--- TASK ---
Repeat precisely the span of lines below that opens with the line containing "#69=CARTESIAN_POINT('',(-50.546,0.,28.575));" and closes with the line containing "#118=VECTOR('',#117,1.);", both included.

--- Saved data entries ---
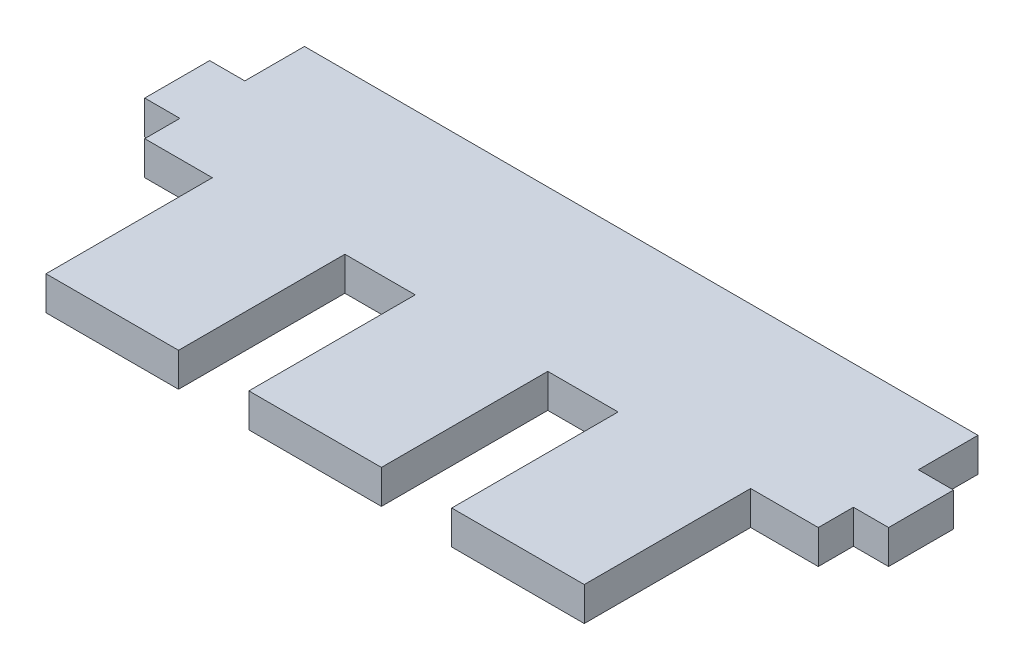
ISO-10303-21;
HEADER;
FILE_DESCRIPTION(('STEP AP214'),'2;1');
FILE_NAME('part.step','',(''),(''),'','','');
FILE_SCHEMA(('AUTOMOTIVE_DESIGN { 1 0 10303 214 1 1 1 1 }'));
ENDSEC;
DATA;
#1=APPLICATION_CONTEXT('core data for automotive mechanical design processes');
#2=APPLICATION_PROTOCOL_DEFINITION('international standard','automotive_design',2000,#1);
#3=PRODUCT_CONTEXT('',#1,'mechanical');
#4=PRODUCT('Part','Part','',(#3));
#5=PRODUCT_RELATED_PRODUCT_CATEGORY('part','',(#4));
#6=PRODUCT_DEFINITION_FORMATION('','',#4);
#7=PRODUCT_DEFINITION_CONTEXT('part definition',#1,'design');
#8=PRODUCT_DEFINITION('design','',#6,#7);
#9=PRODUCT_DEFINITION_SHAPE('','',#8);
#10=(LENGTH_UNIT() NAMED_UNIT(*) SI_UNIT(.MILLI.,.METRE.));
#11=(NAMED_UNIT(*) PLANE_ANGLE_UNIT() SI_UNIT($,.RADIAN.));
#12=(NAMED_UNIT(*) SI_UNIT($,.STERADIAN.) SOLID_ANGLE_UNIT());
#13=UNCERTAINTY_MEASURE_WITH_UNIT(LENGTH_MEASURE(1.E-05),#10,'distance_accuracy_value','');
#14=(GEOMETRIC_REPRESENTATION_CONTEXT(3) GLOBAL_UNCERTAINTY_ASSIGNED_CONTEXT((#13)) GLOBAL_UNIT_ASSIGNED_CONTEXT((#10,
#11,#12)) REPRESENTATION_CONTEXT('',''));
#15=CARTESIAN_POINT('',(0.,0.,0.));
#16=DIRECTION('',(0.,0.,1.));
#17=DIRECTION('',(1.,0.,0.));
#18=AXIS2_PLACEMENT_3D('',#15,#16,#17);
#19=CARTESIAN_POINT('',(-69.85,6.35,28.575));
#20=DIRECTION('',(0.,0.,-1.));
#21=DIRECTION('',(-1.,0.,0.));
#22=AXIS2_PLACEMENT_3D('',#19,#20,#21);
#23=PLANE('',#22);
#24=DIRECTION('',(0.,-1.,0.));
#25=VECTOR('',#24,1.);
#26=CARTESIAN_POINT('',(63.2460000000005,6.35,28.575));
#27=LINE('',#26,#25);
#28=CARTESIAN_POINT('',(63.2460000000005,6.35,28.575));
#29=VERTEX_POINT('',#28);
#30=CARTESIAN_POINT('',(63.2460000000005,0.,28.575));
#31=VERTEX_POINT('',#30);
#32=EDGE_CURVE('E247',#29,#31,#27,.T.);
#33=ORIENTED_EDGE('',*,*,#32,.F.);
#34=DIRECTION('',(1.,0.,0.));
#35=VECTOR('',#34,1.);
#36=CARTESIAN_POINT('',(-69.85,6.35,28.575));
#37=LINE('',#36,#35);
#38=CARTESIAN_POINT('',(50.546,6.35,28.575));
#39=VERTEX_POINT('',#38);
#40=EDGE_CURVE('E335',#39,#29,#37,.T.);
#41=ORIENTED_EDGE('',*,*,#40,.F.);
#42=DIRECTION('',(0.,-1.,0.));
#43=VECTOR('',#42,1.);
#44=CARTESIAN_POINT('',(50.546,6.35,28.575));
#45=LINE('',#44,#43);
#46=CARTESIAN_POINT('',(50.546,0.,28.575));
#47=VERTEX_POINT('',#46);
#48=EDGE_CURVE('E260',#39,#47,#45,.T.);
#49=ORIENTED_EDGE('',*,*,#48,.T.);
#50=DIRECTION('',(1.,0.,0.));
#51=VECTOR('',#50,1.);
#52=CARTESIAN_POINT('',(-69.85,0.,28.575));
#53=LINE('',#52,#51);
#54=EDGE_CURVE('E345',#47,#31,#53,.T.);
#55=ORIENTED_EDGE('',*,*,#54,.T.);
#56=EDGE_LOOP('',(#33,#41,#49,#55));
#57=FACE_BOUND('',#56,.T.);
#58=ADVANCED_FACE('F35',(#57),#23,.F.);
#59=DIRECTION('',(0.,1.,0.));
#60=VECTOR('',#59,1.);
#61=CARTESIAN_POINT('',(-63.2460000000005,6.35,28.575));
#62=LINE('',#61,#60);
#63=CARTESIAN_POINT('',(-63.2460000000005,0.,28.575));
#64=VERTEX_POINT('',#63);
#65=CARTESIAN_POINT('',(-63.2460000000005,6.35,28.575));
#66=VERTEX_POINT('',#65);
#67=EDGE_CURVE('E241',#64,#66,#62,.T.);
#68=ORIENTED_EDGE('',*,*,#67,.F.);
#69=CARTESIAN_POINT('',(-50.546,0.,28.575));
#70=VERTEX_POINT('',#69);
#71=EDGE_CURVE('E332',#64,#70,#53,.T.);
#72=ORIENTED_EDGE('',*,*,#71,.T.);
#73=DIRECTION('',(0.,-1.,0.));
#74=VECTOR('',#73,1.);
#75=CARTESIAN_POINT('',(-50.546,6.35,28.575));
#76=LINE('',#75,#74);
#77=CARTESIAN_POINT('',(-50.546,6.35,28.575));
#78=VERTEX_POINT('',#77);
#79=EDGE_CURVE('E324',#78,#70,#76,.T.);
#80=ORIENTED_EDGE('',*,*,#79,.F.);
#81=EDGE_CURVE('E336',#66,#78,#37,.T.);
#82=ORIENTED_EDGE('',*,*,#81,.F.);
#83=EDGE_LOOP('',(#68,#72,#80,#82));
#84=FACE_BOUND('',#83,.T.);
#85=ADVANCED_FACE('F433',(#84),#23,.F.);
#86=CARTESIAN_POINT('',(69.85,6.35,28.575));
#87=DIRECTION('',(-1.,0.,0.));
#88=DIRECTION('',(0.,0.,1.));
#89=AXIS2_PLACEMENT_3D('',#86,#87,#88);
#90=PLANE('',#89);
#91=DIRECTION('',(0.,1.,0.));
#92=VECTOR('',#91,1.);
#93=CARTESIAN_POINT('',(69.85,6.35,21.971));
#94=LINE('',#93,#92);
#95=CARTESIAN_POINT('',(69.85,0.,21.971));
#96=VERTEX_POINT('',#95);
#97=CARTESIAN_POINT('',(69.85,6.35,21.971));
#98=VERTEX_POINT('',#97);
#99=EDGE_CURVE('E249',#96,#98,#94,.T.);
#100=ORIENTED_EDGE('',*,*,#99,.F.);
#101=DIRECTION('',(0.,0.,-1.));
#102=VECTOR('',#101,1.);
#103=CARTESIAN_POINT('',(69.85,0.,28.575));
#104=LINE('',#103,#102);
#105=CARTESIAN_POINT('',(69.85,0.,9.77899999999998));
#106=VERTEX_POINT('',#105);
#107=EDGE_CURVE('E327',#96,#106,#104,.T.);
#108=ORIENTED_EDGE('',*,*,#107,.T.);
#109=DIRECTION('',(0.,-1.,0.));
#110=VECTOR('',#109,1.);
#111=CARTESIAN_POINT('',(69.85,6.35,9.77899999999998));
#112=LINE('',#111,#110);
#113=CARTESIAN_POINT('',(69.85,6.35,9.77899999999998));
#114=VERTEX_POINT('',#113);
#115=EDGE_CURVE('E243',#114,#106,#112,.T.);
#116=ORIENTED_EDGE('',*,*,#115,.F.);
#117=DIRECTION('',(0.,0.,-1.));
#118=VECTOR('',#117,1.);
#119=CARTESIAN_POINT('',(69.85,6.35,28.575));
#120=LINE('',#119,#118);
#121=EDGE_CURVE('E328',#98,#114,#120,.T.);
#122=ORIENTED_EDGE('',*,*,#121,.F.);
#123=EDGE_LOOP('',(#100,#108,#116,#122));
#124=FACE_BOUND('',#123,.T.);
#125=ADVANCED_FACE('F37',(#124),#90,.F.);
#126=CARTESIAN_POINT('',(-69.85,6.35,28.575));
#127=DIRECTION('',(1.,0.,0.));
#128=DIRECTION('',(0.,0.,-1.));
#129=AXIS2_PLACEMENT_3D('',#126,#127,#128);
#130=PLANE('',#129);
#131=DIRECTION('',(0.,1.,0.));
#132=VECTOR('',#131,1.);
#133=CARTESIAN_POINT('',(-69.85,6.35,9.77899999999998));
#134=LINE('',#133,#132);
#135=CARTESIAN_POINT('',(-69.85,0.,9.77899999999998));
#136=VERTEX_POINT('',#135);
#137=CARTESIAN_POINT('',(-69.85,6.35,9.77899999999998));
#138=VERTEX_POINT('',#137);
#139=EDGE_CURVE('E245',#136,#138,#134,.T.);
#140=ORIENTED_EDGE('',*,*,#139,.F.);
#141=DIRECTION('',(0.,0.,1.));
#142=VECTOR('',#141,1.);
#143=CARTESIAN_POINT('',(-69.85,0.,28.575));
#144=LINE('',#143,#142);
#145=CARTESIAN_POINT('',(-69.85,0.,21.971));
#146=VERTEX_POINT('',#145);
#147=EDGE_CURVE('E342',#136,#146,#144,.T.);
#148=ORIENTED_EDGE('',*,*,#147,.T.);
#149=DIRECTION('',(0.,-1.,0.));
#150=VECTOR('',#149,1.);
#151=CARTESIAN_POINT('',(-69.85,6.35,21.971));
#152=LINE('',#151,#150);
#153=CARTESIAN_POINT('',(-69.85,6.35,21.971));
#154=VERTEX_POINT('',#153);
#155=EDGE_CURVE('E239',#154,#146,#152,.T.);
#156=ORIENTED_EDGE('',*,*,#155,.F.);
#157=DIRECTION('',(0.,0.,1.));
#158=VECTOR('',#157,1.);
#159=CARTESIAN_POINT('',(-69.85,6.35,28.575));
#160=LINE('',#159,#158);
#161=EDGE_CURVE('E331',#138,#154,#160,.T.);
#162=ORIENTED_EDGE('',*,*,#161,.F.);
#163=EDGE_LOOP('',(#140,#148,#156,#162));
#164=FACE_BOUND('',#163,.T.);
#165=ADVANCED_FACE('F446',(#164),#130,.F.);
#166=CARTESIAN_POINT('',(0.,6.35,0.));
#167=DIRECTION('',(0.,-1.,0.));
#168=DIRECTION('',(0.,0.,-1.));
#169=AXIS2_PLACEMENT_3D('',#166,#167,#168);
#170=PLANE('',#169);
#171=DIRECTION('',(0.,0.,1.));
#172=VECTOR('',#171,1.);
#173=CARTESIAN_POINT('',(63.2460000000002,6.35,-3.42900000000001));
#174=LINE('',#173,#172);
#175=CARTESIAN_POINT('',(63.2460000000002,6.35,-1.425));
#176=VERTEX_POINT('',#175);
#177=CARTESIAN_POINT('',(63.2460000000002,6.35,9.77899999999998));
#178=VERTEX_POINT('',#177);
#179=EDGE_CURVE('E205',#176,#178,#174,.T.);
#180=ORIENTED_EDGE('',*,*,#179,.F.);
#181=DIRECTION('',(1.,0.,0.));
#182=VECTOR('',#181,1.);
#183=CARTESIAN_POINT('',(-69.85,6.35,-1.425));
#184=LINE('',#183,#182);
#185=CARTESIAN_POINT('',(-63.2460000000002,6.35,-1.425));
#186=VERTEX_POINT('',#185);
#187=EDGE_CURVE('E195',#186,#176,#184,.T.);
#188=ORIENTED_EDGE('',*,*,#187,.F.);
#189=DIRECTION('',(0.,0.,-1.));
#190=VECTOR('',#189,1.);
#191=CARTESIAN_POINT('',(-63.2460000000002,6.35,-3.42900000000001));
#192=LINE('',#191,#190);
#193=CARTESIAN_POINT('',(-63.2460000000002,6.35,9.77899999999998));
#194=VERTEX_POINT('',#193);
#195=EDGE_CURVE('E203',#194,#186,#192,.T.);
#196=ORIENTED_EDGE('',*,*,#195,.F.);
#197=DIRECTION('',(1.,0.,0.));
#198=VECTOR('',#197,1.);
#199=CARTESIAN_POINT('',(-63.2460000000002,6.35,9.77899999999998));
#200=LINE('',#199,#198);
#201=EDGE_CURVE('E209',#138,#194,#200,.T.);
#202=ORIENTED_EDGE('',*,*,#201,.F.);
#203=ORIENTED_EDGE('',*,*,#161,.T.);
#204=DIRECTION('',(-1.,0.,0.));
#205=VECTOR('',#204,1.);
#206=CARTESIAN_POINT('',(-63.2460000000005,6.35,21.971));
#207=LINE('',#206,#205);
#208=CARTESIAN_POINT('',(-63.2460000000005,6.35,21.971));
#209=VERTEX_POINT('',#208);
#210=EDGE_CURVE('E232',#209,#154,#207,.T.);
#211=ORIENTED_EDGE('',*,*,#210,.F.);
#212=DIRECTION('',(0.,0.,-1.));
#213=VECTOR('',#212,1.);
#214=CARTESIAN_POINT('',(-63.2460000000005,6.35,21.971));
#215=LINE('',#214,#213);
#216=EDGE_CURVE('E230',#66,#209,#215,.T.);
#217=ORIENTED_EDGE('',*,*,#216,.F.);
#218=ORIENTED_EDGE('',*,*,#81,.T.);
#219=DIRECTION('',(0.,0.,1.));
#220=VECTOR('',#219,1.);
#221=CARTESIAN_POINT('',(-50.546,6.35,28.575));
#222=LINE('',#221,#220);
#223=CARTESIAN_POINT('',(-50.546,6.35,59.817));
#224=VERTEX_POINT('',#223);
#225=EDGE_CURVE('E304',#78,#224,#222,.T.);
#226=ORIENTED_EDGE('',*,*,#225,.T.);
#227=DIRECTION('',(1.,0.,0.));
#228=VECTOR('',#227,1.);
#229=CARTESIAN_POINT('',(-50.546,6.35,59.817));
#230=LINE('',#229,#228);
#231=CARTESIAN_POINT('',(-25.654,6.35,59.817));
#232=VERTEX_POINT('',#231);
#233=EDGE_CURVE('E306',#224,#232,#230,.T.);
#234=ORIENTED_EDGE('',*,*,#233,.T.);
#235=DIRECTION('',(0.,0.,-1.));
#236=VECTOR('',#235,1.);
#237=CARTESIAN_POINT('',(-25.654,6.35,59.817));
#238=LINE('',#237,#236);
#239=CARTESIAN_POINT('',(-25.654,6.35,28.575));
#240=VERTEX_POINT('',#239);
#241=EDGE_CURVE('E309',#232,#240,#238,.T.);
#242=ORIENTED_EDGE('',*,*,#241,.T.);
#243=CARTESIAN_POINT('',(-12.446,6.35,28.575));
#244=VERTEX_POINT('',#243);
#245=EDGE_CURVE('E339',#240,#244,#37,.T.);
#246=ORIENTED_EDGE('',*,*,#245,.T.);
#247=DIRECTION('',(0.,0.,1.));
#248=VECTOR('',#247,1.);
#249=CARTESIAN_POINT('',(-12.446,6.35,28.575));
#250=LINE('',#249,#248);
#251=CARTESIAN_POINT('',(-12.446,6.35,59.817));
#252=VERTEX_POINT('',#251);
#253=EDGE_CURVE('E278',#244,#252,#250,.T.);
#254=ORIENTED_EDGE('',*,*,#253,.T.);
#255=DIRECTION('',(1.,0.,0.));
#256=VECTOR('',#255,1.);
#257=CARTESIAN_POINT('',(-12.446,6.35,59.817));
#258=LINE('',#257,#256);
#259=CARTESIAN_POINT('',(12.446,6.35,59.817));
#260=VERTEX_POINT('',#259);
#261=EDGE_CURVE('E280',#252,#260,#258,.T.);
#262=ORIENTED_EDGE('',*,*,#261,.T.);
#263=DIRECTION('',(0.,0.,-1.));
#264=VECTOR('',#263,1.);
#265=CARTESIAN_POINT('',(12.446,6.35,59.817));
#266=LINE('',#265,#264);
#267=CARTESIAN_POINT('',(12.446,6.35,28.575));
#268=VERTEX_POINT('',#267);
#269=EDGE_CURVE('E283',#260,#268,#266,.T.);
#270=ORIENTED_EDGE('',*,*,#269,.T.);
#271=CARTESIAN_POINT('',(25.654,6.35,28.575));
#272=VERTEX_POINT('',#271);
#273=EDGE_CURVE('E376',#268,#272,#37,.T.);
#274=ORIENTED_EDGE('',*,*,#273,.T.);
#275=DIRECTION('',(0.,0.,1.));
#276=VECTOR('',#275,1.);
#277=CARTESIAN_POINT('',(25.654,6.35,28.575));
#278=LINE('',#277,#276);
#279=CARTESIAN_POINT('',(25.654,6.35,59.817));
#280=VERTEX_POINT('',#279);
#281=EDGE_CURVE('E252',#272,#280,#278,.T.);
#282=ORIENTED_EDGE('',*,*,#281,.T.);
#283=DIRECTION('',(1.,0.,0.));
#284=VECTOR('',#283,1.);
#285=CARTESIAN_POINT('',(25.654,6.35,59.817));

--- RESPONSE TO THE EXERCISE ---
#69=CARTESIAN_POINT('',(-50.546,0.,28.575));
#70=VERTEX_POINT('',#69);
#71=EDGE_CURVE('E332',#64,#70,#53,.T.);
#72=ORIENTED_EDGE('',*,*,#71,.T.);
#73=DIRECTION('',(0.,-1.,0.));
#74=VECTOR('',#73,1.);
#75=CARTESIAN_POINT('',(-50.546,6.35,28.575));
#76=LINE('',#75,#74);
#77=CARTESIAN_POINT('',(-50.546,6.35,28.575));
#78=VERTEX_POINT('',#77);
#79=EDGE_CURVE('E324',#78,#70,#76,.T.);
#80=ORIENTED_EDGE('',*,*,#79,.F.);
#81=EDGE_CURVE('E336',#66,#78,#37,.T.);
#82=ORIENTED_EDGE('',*,*,#81,.F.);
#83=EDGE_LOOP('',(#68,#72,#80,#82));
#84=FACE_BOUND('',#83,.T.);
#85=ADVANCED_FACE('F433',(#84),#23,.F.);
#86=CARTESIAN_POINT('',(69.85,6.35,28.575));
#87=DIRECTION('',(-1.,0.,0.));
#88=DIRECTION('',(0.,0.,1.));
#89=AXIS2_PLACEMENT_3D('',#86,#87,#88);
#90=PLANE('',#89);
#91=DIRECTION('',(0.,1.,0.));
#92=VECTOR('',#91,1.);
#93=CARTESIAN_POINT('',(69.85,6.35,21.971));
#94=LINE('',#93,#92);
#95=CARTESIAN_POINT('',(69.85,0.,21.971));
#96=VERTEX_POINT('',#95);
#97=CARTESIAN_POINT('',(69.85,6.35,21.971));
#98=VERTEX_POINT('',#97);
#99=EDGE_CURVE('E249',#96,#98,#94,.T.);
#100=ORIENTED_EDGE('',*,*,#99,.F.);
#101=DIRECTION('',(0.,0.,-1.));
#102=VECTOR('',#101,1.);
#103=CARTESIAN_POINT('',(69.85,0.,28.575));
#104=LINE('',#103,#102);
#105=CARTESIAN_POINT('',(69.85,0.,9.77899999999998));
#106=VERTEX_POINT('',#105);
#107=EDGE_CURVE('E327',#96,#106,#104,.T.);
#108=ORIENTED_EDGE('',*,*,#107,.T.);
#109=DIRECTION('',(0.,-1.,0.));
#110=VECTOR('',#109,1.);
#111=CARTESIAN_POINT('',(69.85,6.35,9.77899999999998));
#112=LINE('',#111,#110);
#113=CARTESIAN_POINT('',(69.85,6.35,9.77899999999998));
#114=VERTEX_POINT('',#113);
#115=EDGE_CURVE('E243',#114,#106,#112,.T.);
#116=ORIENTED_EDGE('',*,*,#115,.F.);
#117=DIRECTION('',(0.,0.,-1.));
#118=VECTOR('',#117,1.);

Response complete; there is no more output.